We have a mission involving a particular payload we run regularly, and we have done so perhaps hundreds of times. Today, on the fourth flight of the day, the compass malfunctioned, initialized with a bogus value, and starting the mission in Auto mode resulted in severe toilet bowling, a flip upon landing, and (minor) damage to the vehicle. After repairs, four further flights were completed without any incident.
We would appreciate any insight into why the compass malfunctioned and if there’s any thing we need to keep watch for in the future. We recognize the pilot should have been alarmed by the initial yaw being grossly incorrect (approx. 100 degrees off, the vehicle should have been placed ~90 degrees each time) and that the flip likely could have been avoided had we switched to and landed in AltHold mode.
But the incorrect yaw was the only symptom of any impending problem and we want to be sure there’s not any hardware or software glitch that needs correcting or addressing.
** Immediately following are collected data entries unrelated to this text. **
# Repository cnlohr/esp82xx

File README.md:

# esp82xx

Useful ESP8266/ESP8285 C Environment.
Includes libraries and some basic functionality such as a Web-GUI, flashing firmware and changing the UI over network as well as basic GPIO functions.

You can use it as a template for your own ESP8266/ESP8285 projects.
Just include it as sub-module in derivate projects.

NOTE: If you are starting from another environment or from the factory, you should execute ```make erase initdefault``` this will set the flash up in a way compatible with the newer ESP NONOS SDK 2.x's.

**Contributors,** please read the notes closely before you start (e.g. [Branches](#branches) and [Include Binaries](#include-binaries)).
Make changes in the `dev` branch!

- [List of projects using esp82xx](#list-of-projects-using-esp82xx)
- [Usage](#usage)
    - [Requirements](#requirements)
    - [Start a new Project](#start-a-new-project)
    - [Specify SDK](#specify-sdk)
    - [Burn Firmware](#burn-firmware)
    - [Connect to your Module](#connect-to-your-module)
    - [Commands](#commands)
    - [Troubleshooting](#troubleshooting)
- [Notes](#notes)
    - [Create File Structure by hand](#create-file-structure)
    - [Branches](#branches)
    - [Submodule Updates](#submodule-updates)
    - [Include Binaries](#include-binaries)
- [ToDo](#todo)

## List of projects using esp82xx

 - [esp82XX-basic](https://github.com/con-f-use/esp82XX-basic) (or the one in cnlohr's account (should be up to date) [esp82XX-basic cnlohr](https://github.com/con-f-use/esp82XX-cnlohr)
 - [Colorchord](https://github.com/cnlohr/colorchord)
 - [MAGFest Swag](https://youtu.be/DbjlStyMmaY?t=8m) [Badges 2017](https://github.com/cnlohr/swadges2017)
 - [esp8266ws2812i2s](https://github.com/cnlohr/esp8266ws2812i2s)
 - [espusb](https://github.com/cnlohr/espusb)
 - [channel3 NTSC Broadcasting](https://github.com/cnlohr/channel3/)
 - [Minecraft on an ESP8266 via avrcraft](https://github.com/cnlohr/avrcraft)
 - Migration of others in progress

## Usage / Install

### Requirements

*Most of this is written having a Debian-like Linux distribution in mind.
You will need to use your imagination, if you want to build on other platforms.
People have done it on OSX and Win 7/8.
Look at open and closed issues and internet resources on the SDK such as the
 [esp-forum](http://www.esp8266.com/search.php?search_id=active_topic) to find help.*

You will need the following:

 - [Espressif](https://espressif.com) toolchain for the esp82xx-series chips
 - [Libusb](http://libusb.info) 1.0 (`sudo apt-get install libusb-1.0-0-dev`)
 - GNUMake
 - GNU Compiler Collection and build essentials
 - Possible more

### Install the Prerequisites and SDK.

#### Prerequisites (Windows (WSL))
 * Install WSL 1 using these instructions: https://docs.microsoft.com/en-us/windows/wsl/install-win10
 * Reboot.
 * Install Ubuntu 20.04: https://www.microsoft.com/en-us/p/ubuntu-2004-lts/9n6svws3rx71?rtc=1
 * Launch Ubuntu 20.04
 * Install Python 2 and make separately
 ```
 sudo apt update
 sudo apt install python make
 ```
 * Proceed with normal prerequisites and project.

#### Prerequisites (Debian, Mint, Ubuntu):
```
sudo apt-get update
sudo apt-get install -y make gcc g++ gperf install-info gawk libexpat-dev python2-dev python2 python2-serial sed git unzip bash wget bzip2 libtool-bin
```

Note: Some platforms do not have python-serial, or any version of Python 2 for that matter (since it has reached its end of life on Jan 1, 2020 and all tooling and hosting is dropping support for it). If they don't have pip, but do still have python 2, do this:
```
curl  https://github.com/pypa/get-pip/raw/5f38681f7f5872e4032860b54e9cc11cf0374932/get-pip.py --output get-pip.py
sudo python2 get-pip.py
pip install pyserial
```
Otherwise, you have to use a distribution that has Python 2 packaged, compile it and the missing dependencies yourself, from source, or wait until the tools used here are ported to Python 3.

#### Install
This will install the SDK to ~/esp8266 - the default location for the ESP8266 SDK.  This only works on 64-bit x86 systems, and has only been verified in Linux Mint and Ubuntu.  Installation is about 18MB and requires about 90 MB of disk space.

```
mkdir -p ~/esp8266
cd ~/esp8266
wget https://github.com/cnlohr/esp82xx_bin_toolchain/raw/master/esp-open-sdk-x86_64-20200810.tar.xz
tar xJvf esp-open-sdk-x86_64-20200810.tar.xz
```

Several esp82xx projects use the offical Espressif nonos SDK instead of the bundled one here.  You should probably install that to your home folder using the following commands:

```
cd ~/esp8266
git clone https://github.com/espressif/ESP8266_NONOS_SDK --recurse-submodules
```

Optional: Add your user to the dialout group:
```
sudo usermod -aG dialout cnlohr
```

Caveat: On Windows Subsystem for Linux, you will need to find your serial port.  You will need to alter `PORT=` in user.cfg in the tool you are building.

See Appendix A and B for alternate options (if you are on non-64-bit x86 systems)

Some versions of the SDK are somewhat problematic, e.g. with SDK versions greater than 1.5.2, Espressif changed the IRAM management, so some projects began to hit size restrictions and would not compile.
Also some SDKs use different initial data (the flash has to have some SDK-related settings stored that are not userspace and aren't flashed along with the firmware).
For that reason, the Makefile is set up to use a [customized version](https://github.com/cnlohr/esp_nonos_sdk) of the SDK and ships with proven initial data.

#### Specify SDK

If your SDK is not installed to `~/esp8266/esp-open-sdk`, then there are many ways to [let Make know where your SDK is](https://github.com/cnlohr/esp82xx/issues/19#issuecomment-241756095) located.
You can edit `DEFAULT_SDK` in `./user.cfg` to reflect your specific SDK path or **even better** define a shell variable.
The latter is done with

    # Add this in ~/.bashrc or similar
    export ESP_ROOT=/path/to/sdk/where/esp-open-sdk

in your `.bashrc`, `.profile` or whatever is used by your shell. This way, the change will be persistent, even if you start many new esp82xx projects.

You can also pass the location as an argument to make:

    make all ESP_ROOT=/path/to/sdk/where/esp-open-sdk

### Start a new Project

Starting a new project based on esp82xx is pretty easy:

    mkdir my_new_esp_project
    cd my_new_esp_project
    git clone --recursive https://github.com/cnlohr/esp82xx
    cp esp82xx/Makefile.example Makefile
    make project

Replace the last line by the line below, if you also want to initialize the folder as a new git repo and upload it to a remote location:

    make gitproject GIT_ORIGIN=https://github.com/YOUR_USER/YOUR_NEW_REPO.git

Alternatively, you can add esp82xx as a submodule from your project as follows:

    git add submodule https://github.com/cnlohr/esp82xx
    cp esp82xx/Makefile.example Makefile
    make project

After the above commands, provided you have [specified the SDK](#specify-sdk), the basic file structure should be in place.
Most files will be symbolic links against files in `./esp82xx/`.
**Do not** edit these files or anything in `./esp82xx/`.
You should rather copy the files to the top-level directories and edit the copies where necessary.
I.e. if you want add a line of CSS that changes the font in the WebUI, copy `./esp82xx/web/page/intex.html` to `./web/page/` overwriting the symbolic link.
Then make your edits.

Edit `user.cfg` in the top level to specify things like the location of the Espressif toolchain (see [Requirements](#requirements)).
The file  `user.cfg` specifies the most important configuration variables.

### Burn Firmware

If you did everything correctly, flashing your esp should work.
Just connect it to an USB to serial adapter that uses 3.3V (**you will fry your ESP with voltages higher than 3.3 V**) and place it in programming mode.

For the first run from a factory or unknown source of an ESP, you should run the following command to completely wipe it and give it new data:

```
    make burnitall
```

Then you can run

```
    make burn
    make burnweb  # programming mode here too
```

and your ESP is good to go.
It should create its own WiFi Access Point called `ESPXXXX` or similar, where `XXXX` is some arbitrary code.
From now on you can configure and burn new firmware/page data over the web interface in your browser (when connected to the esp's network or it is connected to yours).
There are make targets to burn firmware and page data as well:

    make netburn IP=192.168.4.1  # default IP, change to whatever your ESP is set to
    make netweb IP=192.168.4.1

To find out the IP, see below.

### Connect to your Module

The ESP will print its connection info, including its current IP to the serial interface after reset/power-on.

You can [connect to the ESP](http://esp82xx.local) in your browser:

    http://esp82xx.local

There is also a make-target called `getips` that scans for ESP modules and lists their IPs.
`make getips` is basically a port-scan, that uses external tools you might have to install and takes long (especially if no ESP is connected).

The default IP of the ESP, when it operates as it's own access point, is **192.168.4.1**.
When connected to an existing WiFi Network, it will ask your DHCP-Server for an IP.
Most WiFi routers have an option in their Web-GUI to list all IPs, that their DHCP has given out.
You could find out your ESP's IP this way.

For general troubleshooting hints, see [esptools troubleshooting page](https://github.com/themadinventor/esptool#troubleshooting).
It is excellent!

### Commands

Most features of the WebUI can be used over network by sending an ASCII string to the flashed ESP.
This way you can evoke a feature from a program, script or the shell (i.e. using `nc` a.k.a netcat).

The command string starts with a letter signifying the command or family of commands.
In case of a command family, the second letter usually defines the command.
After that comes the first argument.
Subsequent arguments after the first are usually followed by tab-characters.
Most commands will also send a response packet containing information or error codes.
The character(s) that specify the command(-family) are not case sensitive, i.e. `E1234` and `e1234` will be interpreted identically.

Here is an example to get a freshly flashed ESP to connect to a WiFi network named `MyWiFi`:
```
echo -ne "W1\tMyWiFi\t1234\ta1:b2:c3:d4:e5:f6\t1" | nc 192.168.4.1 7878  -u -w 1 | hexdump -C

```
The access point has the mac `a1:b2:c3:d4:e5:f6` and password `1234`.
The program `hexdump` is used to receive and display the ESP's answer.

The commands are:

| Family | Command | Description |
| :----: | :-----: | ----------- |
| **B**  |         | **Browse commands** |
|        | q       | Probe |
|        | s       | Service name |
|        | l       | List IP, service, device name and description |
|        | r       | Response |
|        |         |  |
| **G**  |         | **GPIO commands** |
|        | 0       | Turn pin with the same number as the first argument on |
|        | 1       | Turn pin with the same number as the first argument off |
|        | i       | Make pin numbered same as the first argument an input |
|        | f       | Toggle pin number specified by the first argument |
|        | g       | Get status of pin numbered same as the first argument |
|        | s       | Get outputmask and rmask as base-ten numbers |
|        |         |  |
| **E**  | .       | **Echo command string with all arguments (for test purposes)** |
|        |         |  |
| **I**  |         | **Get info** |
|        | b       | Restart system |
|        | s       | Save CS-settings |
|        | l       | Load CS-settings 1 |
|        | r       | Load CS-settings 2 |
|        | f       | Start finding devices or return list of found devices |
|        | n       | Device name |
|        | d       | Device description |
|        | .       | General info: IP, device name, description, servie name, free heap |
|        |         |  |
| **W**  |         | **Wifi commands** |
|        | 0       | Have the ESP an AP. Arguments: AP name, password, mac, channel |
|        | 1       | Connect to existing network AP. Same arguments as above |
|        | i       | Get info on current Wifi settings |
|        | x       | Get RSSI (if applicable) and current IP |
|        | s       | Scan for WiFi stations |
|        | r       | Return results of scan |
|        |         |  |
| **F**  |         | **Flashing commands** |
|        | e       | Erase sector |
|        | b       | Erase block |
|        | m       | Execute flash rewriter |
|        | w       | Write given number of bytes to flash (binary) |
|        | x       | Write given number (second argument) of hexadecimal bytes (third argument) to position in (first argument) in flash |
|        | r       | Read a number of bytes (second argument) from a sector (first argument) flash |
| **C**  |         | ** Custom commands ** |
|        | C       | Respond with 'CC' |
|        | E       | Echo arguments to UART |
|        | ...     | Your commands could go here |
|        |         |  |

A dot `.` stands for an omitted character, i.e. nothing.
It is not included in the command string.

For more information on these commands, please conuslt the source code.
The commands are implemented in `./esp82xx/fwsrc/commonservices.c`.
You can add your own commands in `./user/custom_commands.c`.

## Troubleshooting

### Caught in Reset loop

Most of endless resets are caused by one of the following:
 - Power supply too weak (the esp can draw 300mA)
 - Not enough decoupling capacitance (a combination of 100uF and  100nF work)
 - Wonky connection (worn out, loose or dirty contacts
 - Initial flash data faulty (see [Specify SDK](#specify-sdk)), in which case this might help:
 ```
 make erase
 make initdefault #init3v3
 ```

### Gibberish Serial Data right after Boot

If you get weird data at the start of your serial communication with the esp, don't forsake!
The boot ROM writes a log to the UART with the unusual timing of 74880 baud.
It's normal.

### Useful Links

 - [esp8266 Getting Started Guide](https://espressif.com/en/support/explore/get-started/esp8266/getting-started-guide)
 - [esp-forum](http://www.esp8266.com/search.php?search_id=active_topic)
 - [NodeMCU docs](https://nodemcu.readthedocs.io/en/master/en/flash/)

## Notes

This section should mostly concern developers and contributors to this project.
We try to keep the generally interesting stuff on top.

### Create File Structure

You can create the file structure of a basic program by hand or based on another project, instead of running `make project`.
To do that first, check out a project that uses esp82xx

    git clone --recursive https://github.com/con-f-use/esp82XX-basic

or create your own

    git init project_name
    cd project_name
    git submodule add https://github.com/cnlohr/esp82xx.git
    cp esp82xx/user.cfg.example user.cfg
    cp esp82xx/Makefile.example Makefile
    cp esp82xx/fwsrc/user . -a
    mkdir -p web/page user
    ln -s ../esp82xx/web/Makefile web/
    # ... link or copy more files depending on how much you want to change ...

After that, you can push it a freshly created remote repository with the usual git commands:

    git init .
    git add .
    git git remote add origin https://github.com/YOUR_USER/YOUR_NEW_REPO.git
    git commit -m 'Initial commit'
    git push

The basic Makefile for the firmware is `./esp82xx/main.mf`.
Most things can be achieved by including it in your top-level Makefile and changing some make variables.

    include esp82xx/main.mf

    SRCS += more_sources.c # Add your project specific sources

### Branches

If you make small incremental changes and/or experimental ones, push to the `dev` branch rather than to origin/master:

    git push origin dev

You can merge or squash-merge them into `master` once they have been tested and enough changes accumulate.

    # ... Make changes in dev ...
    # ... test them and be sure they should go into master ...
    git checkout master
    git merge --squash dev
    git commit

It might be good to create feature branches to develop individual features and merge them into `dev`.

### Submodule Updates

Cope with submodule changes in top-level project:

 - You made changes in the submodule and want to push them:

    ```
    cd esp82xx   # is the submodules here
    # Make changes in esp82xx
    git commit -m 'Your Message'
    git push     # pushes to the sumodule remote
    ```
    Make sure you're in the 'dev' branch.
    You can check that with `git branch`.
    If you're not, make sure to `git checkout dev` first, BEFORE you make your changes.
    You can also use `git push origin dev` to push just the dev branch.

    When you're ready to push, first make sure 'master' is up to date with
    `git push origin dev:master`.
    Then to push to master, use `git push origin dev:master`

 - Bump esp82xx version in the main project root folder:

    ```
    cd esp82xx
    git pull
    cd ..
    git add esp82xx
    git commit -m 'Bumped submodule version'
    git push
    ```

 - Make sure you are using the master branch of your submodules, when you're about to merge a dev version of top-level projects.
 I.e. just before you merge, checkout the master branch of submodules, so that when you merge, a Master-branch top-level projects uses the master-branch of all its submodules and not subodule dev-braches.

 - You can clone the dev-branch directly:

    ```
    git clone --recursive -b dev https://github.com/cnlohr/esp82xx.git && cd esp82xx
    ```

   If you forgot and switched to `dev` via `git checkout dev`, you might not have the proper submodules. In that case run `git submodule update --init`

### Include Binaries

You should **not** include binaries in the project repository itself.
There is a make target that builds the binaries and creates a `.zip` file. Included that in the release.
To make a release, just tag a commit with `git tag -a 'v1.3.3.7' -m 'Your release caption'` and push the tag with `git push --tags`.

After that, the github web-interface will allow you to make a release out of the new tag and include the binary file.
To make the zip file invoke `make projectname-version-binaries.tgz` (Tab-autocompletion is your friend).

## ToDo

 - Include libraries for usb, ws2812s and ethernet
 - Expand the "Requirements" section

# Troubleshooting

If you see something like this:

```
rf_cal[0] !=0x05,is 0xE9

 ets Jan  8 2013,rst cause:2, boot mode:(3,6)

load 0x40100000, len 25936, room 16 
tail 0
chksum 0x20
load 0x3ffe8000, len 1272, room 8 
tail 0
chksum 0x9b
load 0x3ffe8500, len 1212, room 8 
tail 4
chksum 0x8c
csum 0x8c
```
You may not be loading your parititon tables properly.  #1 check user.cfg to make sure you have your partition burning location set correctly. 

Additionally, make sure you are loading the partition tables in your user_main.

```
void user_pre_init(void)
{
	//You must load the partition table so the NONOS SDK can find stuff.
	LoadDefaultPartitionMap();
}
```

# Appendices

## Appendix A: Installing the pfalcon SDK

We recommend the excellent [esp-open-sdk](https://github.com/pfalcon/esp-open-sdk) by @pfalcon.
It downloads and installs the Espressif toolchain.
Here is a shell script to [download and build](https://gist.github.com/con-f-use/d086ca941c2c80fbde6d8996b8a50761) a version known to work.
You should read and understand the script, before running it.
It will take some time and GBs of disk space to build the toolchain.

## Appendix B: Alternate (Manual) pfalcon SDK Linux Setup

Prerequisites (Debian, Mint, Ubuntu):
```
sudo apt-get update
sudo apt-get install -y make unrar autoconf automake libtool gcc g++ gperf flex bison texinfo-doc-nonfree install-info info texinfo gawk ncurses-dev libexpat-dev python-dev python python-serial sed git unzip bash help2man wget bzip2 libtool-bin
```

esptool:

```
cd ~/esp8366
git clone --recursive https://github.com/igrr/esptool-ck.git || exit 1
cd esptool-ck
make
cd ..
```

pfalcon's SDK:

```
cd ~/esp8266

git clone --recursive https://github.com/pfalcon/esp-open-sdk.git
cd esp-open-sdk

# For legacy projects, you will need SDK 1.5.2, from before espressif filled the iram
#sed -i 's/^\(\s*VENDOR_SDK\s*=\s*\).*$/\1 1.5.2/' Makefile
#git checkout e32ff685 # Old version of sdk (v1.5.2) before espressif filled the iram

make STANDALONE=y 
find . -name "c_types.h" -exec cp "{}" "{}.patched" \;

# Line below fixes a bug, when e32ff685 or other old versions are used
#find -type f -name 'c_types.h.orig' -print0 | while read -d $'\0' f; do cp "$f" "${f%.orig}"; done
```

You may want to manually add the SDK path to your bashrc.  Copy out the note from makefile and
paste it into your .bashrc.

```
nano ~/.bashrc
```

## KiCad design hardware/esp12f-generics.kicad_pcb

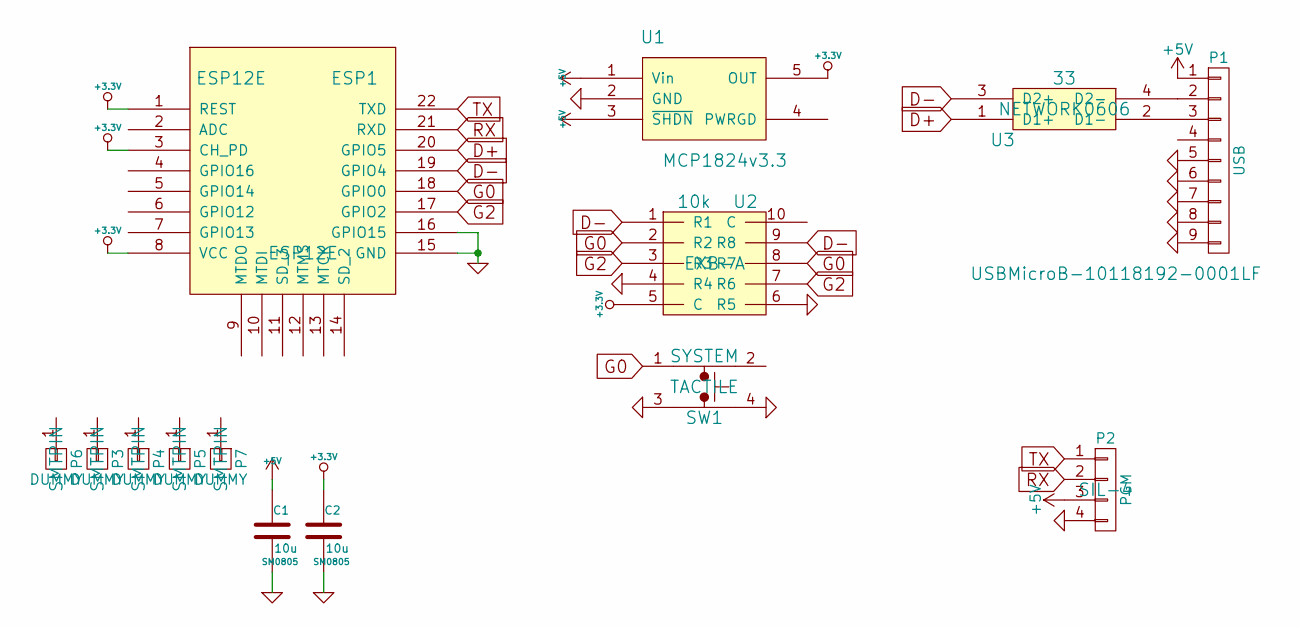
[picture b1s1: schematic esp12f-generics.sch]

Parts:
C1, C2: 10u; SM0805; Digikey 1276-6456-1-ND
ESP1: ESP12E
P1: USB; USBMicroB-10118192-0001LF; Digikey 609-4613-1-ND
P2: PGM; SIL-4
P3, P4, P5, P6, P7: DUMMY; SMTPIN
SW1: SYSTEM; TACTILE; Digikey EG4621CT-ND
U1: MCP1824v3.3; SOT-23-5; Digikey MCP1824T-3302E/OTCT-ND
U2: 10k; EXB-A; Digikey U7103CT-ND
U3: 33; NETWORK0606; Digikey 742C043330JPCT-ND

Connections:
+3.3V: C2.1, ESP1.1 (REST), ESP1.3 (CH_PD), ESP1.8 (VCC), U1.5 (OUT), U2.5 (C)
+5V: C1.1, P1.1, P2.3, U1.1 (Vin), U1.3 (~SHDN)
D+: ESP1.20 (GPIO5), U3.1 (D1+)
D-: ESP1.19 (GPIO4), U2.1 (R1), U2.9 (R8), U3.3 (D2+)
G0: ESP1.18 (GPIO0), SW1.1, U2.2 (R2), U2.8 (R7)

Provide your hardware installation diagram. Your aircraft must at least use a bracket to install the GPS to a high point, otherwise there will be serious magnetic field interference. For your aircraft, using the GPS for yaw module instead of compass is a good solution to the problem.
The GPS/compass module is mounted on a bracket and is the highest point on the vehicle.
Can you help me understand why there was serious magnetic field interference for only one out of eight flights? Each flight started from the same place (within a few feet), had the same payload, was pointing the same direction, and ran the same mission.
It appears the compass somehow initialized with a bogus rotation value. The used compass should be MAG[0] and MAG[1], one of the unused compasses is MAG[2].
Pre-crash, offsets applied to MAG[2] so they line up with the others.
During crash, offsets applied to MAG[0] and MAG[1] so that they line up with the MAG[2] from before (i.e. with the same offsets). Note that axis X and Y have swapped, and axis Z is inverted!